说起汪延的升迁,也是颇费了些周折的。原兵部尚书马湛,当年被皇帝委任追查承郡王府遗孤,他与承郡王府是旧交,不忍动手,便派当时还是自己手下的汪延去办。汪延是何等狡诈之人,早就觊觎兵部尚书一职,于是和哥哥汪直里应外合,将马湛顾念旧情,维护逆贼一事弹劾到皇帝面前。当时,承郡王妃在狱中自尽,皇帝正在气头上,便下令削了马湛兵部尚书之职,贬为一个没有实权的言官。但马湛任兵部尚书多年,忠心的手下不少,汪延虽通过此事得到了兵部尚书之位,却并不能服众。

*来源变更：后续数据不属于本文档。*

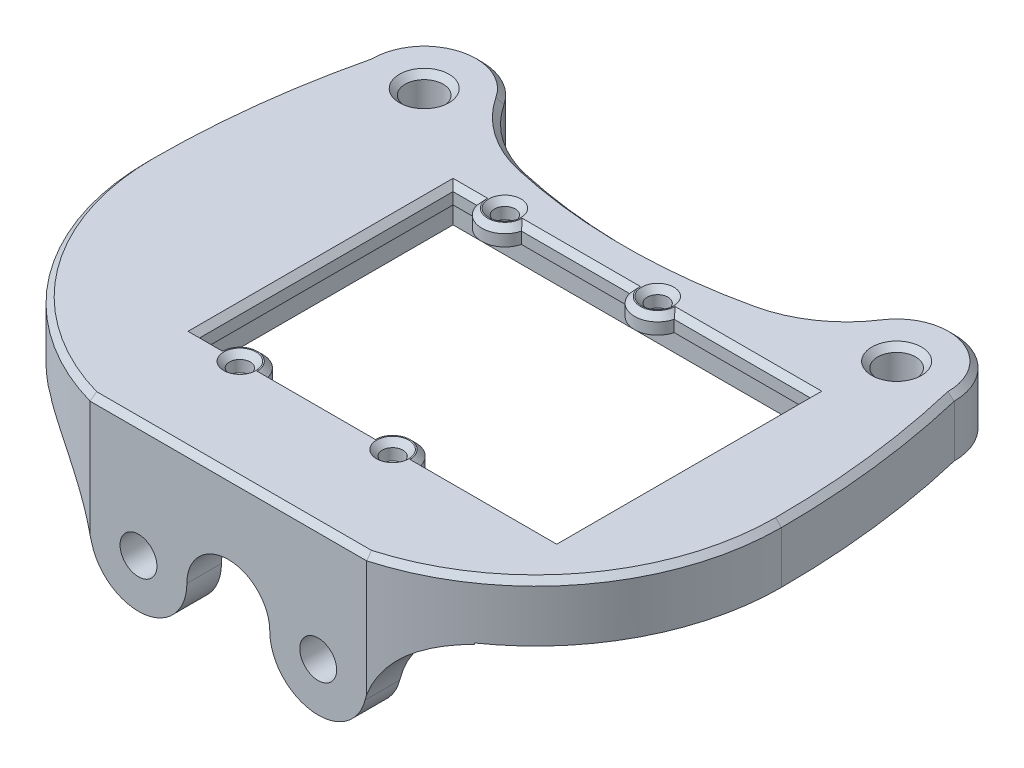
ISO-10303-21;
HEADER;
FILE_DESCRIPTION(('STEP AP214'),'2;1');
FILE_NAME('part.step','',(''),(''),'','','');
FILE_SCHEMA(('AUTOMOTIVE_DESIGN { 1 0 10303 214 1 1 1 1 }'));
ENDSEC;
DATA;
#1=APPLICATION_CONTEXT('core data for automotive mechanical design processes');
#2=APPLICATION_PROTOCOL_DEFINITION('international standard','automotive_design',2000,#1);
#3=PRODUCT_CONTEXT('',#1,'mechanical');
#4=PRODUCT('Part','Part','',(#3));
#5=PRODUCT_RELATED_PRODUCT_CATEGORY('part','',(#4));
#6=PRODUCT_DEFINITION_FORMATION('','',#4);
#7=PRODUCT_DEFINITION_CONTEXT('part definition',#1,'design');
#8=PRODUCT_DEFINITION('design','',#6,#7);
#9=PRODUCT_DEFINITION_SHAPE('','',#8);
#10=(LENGTH_UNIT() NAMED_UNIT(*) SI_UNIT(.MILLI.,.METRE.));
#11=(NAMED_UNIT(*) PLANE_ANGLE_UNIT() SI_UNIT($,.RADIAN.));
#12=(NAMED_UNIT(*) SI_UNIT($,.STERADIAN.) SOLID_ANGLE_UNIT());
#13=UNCERTAINTY_MEASURE_WITH_UNIT(LENGTH_MEASURE(1.E-05),#10,'distance_accuracy_value','');
#14=(GEOMETRIC_REPRESENTATION_CONTEXT(3) GLOBAL_UNCERTAINTY_ASSIGNED_CONTEXT((#13)) GLOBAL_UNIT_ASSIGNED_CONTEXT((#10,
#11,#12)) REPRESENTATION_CONTEXT('',''));
#15=CARTESIAN_POINT('',(0.,0.,0.));
#16=DIRECTION('',(0.,0.,1.));
#17=DIRECTION('',(1.,0.,0.));
#18=AXIS2_PLACEMENT_3D('',#15,#16,#17);
#19=CARTESIAN_POINT('',(0.,0.,0.));
#20=DIRECTION('',(0.,1.,0.));
#21=DIRECTION('',(0.,0.,1.));
#22=AXIS2_PLACEMENT_3D('',#19,#20,#21);
#23=PLANE('',#22);
#24=DIRECTION('',(0.,0.,1.));
#25=VECTOR('',#24,1.);
#26=CARTESIAN_POINT('',(-2.,0.,0.));
#27=LINE('',#26,#25);
#28=CARTESIAN_POINT('',(-2.,0.,-13.));
#29=VERTEX_POINT('',#28);
#30=CARTESIAN_POINT('',(-2.,0.,13.));
#31=VERTEX_POINT('',#30);
#32=EDGE_CURVE('E924',#29,#31,#27,.T.);
#33=ORIENTED_EDGE('',*,*,#32,.T.);
#34=DIRECTION('',(1.,0.,0.));
#35=VECTOR('',#34,1.);
#36=CARTESIAN_POINT('',(0.,0.,13.));
#37=LINE('',#36,#35);
#38=CARTESIAN_POINT('',(33.,0.,13.));
#39=VERTEX_POINT('',#38);
#40=EDGE_CURVE('E945',#31,#39,#37,.T.);
#41=ORIENTED_EDGE('',*,*,#40,.T.);
#42=DIRECTION('',(0.,0.,1.));
#43=VECTOR('',#42,1.);
#44=CARTESIAN_POINT('',(33.,0.,0.));
#45=LINE('',#44,#43);
#46=CARTESIAN_POINT('',(33.,0.,-13.));
#47=VERTEX_POINT('',#46);
#48=EDGE_CURVE('E949',#47,#39,#45,.T.);
#49=ORIENTED_EDGE('',*,*,#48,.F.);
#50=DIRECTION('',(1.,0.,0.));
#51=VECTOR('',#50,1.);
#52=CARTESIAN_POINT('',(0.,0.,-13.));
#53=LINE('',#52,#51);
#54=EDGE_CURVE('E930',#29,#47,#53,.T.);
#55=ORIENTED_EDGE('',*,*,#54,.F.);
#56=EDGE_LOOP('',(#33,#41,#49,#55));
#57=FACE_BOUND('',#56,.T.);
#58=CARTESIAN_POINT('',(-8.5,0.,-17.));
#59=DIRECTION('',(0.,1.,0.));
#60=DIRECTION('',(0.,0.,1.));
#61=AXIS2_PLACEMENT_3D('',#58,#59,#60);
#62=CIRCLE('',#61,1.65);
#63=CARTESIAN_POINT('',(-8.5,0.,-15.35));
#64=VERTEX_POINT('',#63);
#65=EDGE_CURVE('E1036',#64,#64,#62,.T.);
#66=ORIENTED_EDGE('',*,*,#65,.T.);
#67=EDGE_LOOP('',(#66));
#68=FACE_BOUND('',#67,.T.);
#69=CARTESIAN_POINT('',(32.5,0.,-17.));
#70=DIRECTION('',(0.,1.,0.));
#71=DIRECTION('',(0.,0.,1.));
#72=AXIS2_PLACEMENT_3D('',#69,#70,#71);
#73=CIRCLE('',#72,1.65);
#74=CARTESIAN_POINT('',(32.5,0.,-15.35));
#75=VERTEX_POINT('',#74);
#76=EDGE_CURVE('E1032',#75,#75,#73,.T.);
#77=ORIENTED_EDGE('',*,*,#76,.T.);
#78=EDGE_LOOP('',(#77));
#79=FACE_BOUND('',#78,.T.);
#80=DIRECTION('',(-1.,0.,0.));
#81=VECTOR('',#80,1.);
#82=CARTESIAN_POINT('',(24.,0.,17.5));
#83=LINE('',#82,#81);
#84=CARTESIAN_POINT('',(30.3473494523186,0.,17.5));
#85=VERTEX_POINT('',#84);
#86=CARTESIAN_POINT('',(-6.34734945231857,0.,17.5));
#87=VERTEX_POINT('',#86);
#88=EDGE_CURVE('E832',#85,#87,#83,.T.);
#89=ORIENTED_EDGE('',*,*,#88,.T.);
#90=CARTESIAN_POINT('',(5.80645161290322,0.,0.));
#91=DIRECTION('',(0.,1.,0.));
#92=DIRECTION('',(0.,0.,1.));
#93=AXIS2_PLACEMENT_3D('',#90,#91,#92);
#94=CIRCLE('',#93,21.3064516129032);
#95=CARTESIAN_POINT('',(-15.5,0.,0.));
#96=VERTEX_POINT('',#95);
#97=EDGE_CURVE('E1028',#96,#87,#94,.T.);
#98=ORIENTED_EDGE('',*,*,#97,.F.);
#99=CARTESIAN_POINT('',(57.7499999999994,0.,0.));
#100=DIRECTION('',(0.,1.,0.));
#101=DIRECTION('',(0.,0.,1.));
#102=AXIS2_PLACEMENT_3D('',#99,#100,#101);
#103=CIRCLE('',#102,73.2499999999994);
#104=CARTESIAN_POINT('',(-13.5,0.,-17.));
#105=VERTEX_POINT('',#104);
#106=EDGE_CURVE('E1025',#105,#96,#103,.T.);
#107=ORIENTED_EDGE('',*,*,#106,.F.);
#108=CARTESIAN_POINT('',(-8.5,0.,-17.));
#109=DIRECTION('',(0.,1.,0.));
#110=DIRECTION('',(0.,0.,1.));
#111=AXIS2_PLACEMENT_3D('',#108,#109,#110);
#112=CIRCLE('',#111,5.);
#113=CARTESIAN_POINT('',(-4.31409561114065,0.,-19.7346305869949));
#114=VERTEX_POINT('',#113);
#115=EDGE_CURVE('E1021',#105,#114,#112,.F.);
#116=ORIENTED_EDGE('',*,*,#115,.T.);
#117=CARTESIAN_POINT('',(4.05771316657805,0.,-25.2038917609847));
#118=DIRECTION('',(0.,1.,0.));
#119=DIRECTION('',(0.,0.,1.));
#120=AXIS2_PLACEMENT_3D('',#117,#118,#119);
#121=CIRCLE('',#120,10.);
#122=CARTESIAN_POINT('',(1.86302116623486,0.,-15.4476974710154));
#123=VERTEX_POINT('',#122);
#124=EDGE_CURVE('E1074',#114,#123,#121,.T.);
#125=ORIENTED_EDGE('',*,*,#124,.T.);
#126=CARTESIAN_POINT('',(12.,0.,-60.5102096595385));
#127=DIRECTION('',(0.,1.,0.));
#128=DIRECTION('',(0.,0.,1.));
#129=AXIS2_PLACEMENT_3D('',#126,#127,#128);
#130=CIRCLE('',#129,46.1886170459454);
#131=CARTESIAN_POINT('',(22.1369788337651,0.,-15.4476974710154));
#132=VERTEX_POINT('',#131);
#133=EDGE_CURVE('E1017',#123,#132,#130,.T.);
#134=ORIENTED_EDGE('',*,*,#133,.T.);
#135=CARTESIAN_POINT('',(19.9422868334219,0.,-25.2038917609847));
#136=DIRECTION('',(0.,1.,0.));
#137=DIRECTION('',(0.,0.,1.));
#138=AXIS2_PLACEMENT_3D('',#135,#136,#137);
#139=CIRCLE('',#138,10.);
#140=CARTESIAN_POINT('',(28.3140956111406,0.,-19.7346305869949));
#141=VERTEX_POINT('',#140);
#142=EDGE_CURVE('E1071',#132,#141,#139,.T.);
#143=ORIENTED_EDGE('',*,*,#142,.T.);
#144=CARTESIAN_POINT('',(32.5,0.,-17.));
#145=DIRECTION('',(0.,1.,0.));
#146=DIRECTION('',(0.,0.,1.));
#147=AXIS2_PLACEMENT_3D('',#144,#145,#146);
#148=CIRCLE('',#147,5.);
#149=CARTESIAN_POINT('',(37.5,0.,-17.));
#150=VERTEX_POINT('',#149);
#151=EDGE_CURVE('E1013',#141,#150,#148,.F.);
#152=ORIENTED_EDGE('',*,*,#151,.T.);
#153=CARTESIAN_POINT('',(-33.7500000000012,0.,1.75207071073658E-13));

“汪兄也是行伍出身之人,器量放大些便是了,不用和他们一般见识……”顾信这话说得不疼不痒。
“哼,将军此话倒是无关痛痒,”汪延冷笑一声,“想是将军这些年安逸惯了,气度也大了不少。只是……若有人提起十五年前的旧事,不知将军是否也能如此气定神闲呢?”汪延深知顾信的软肋在哪,果然,一听这话,顾信的脸色大变。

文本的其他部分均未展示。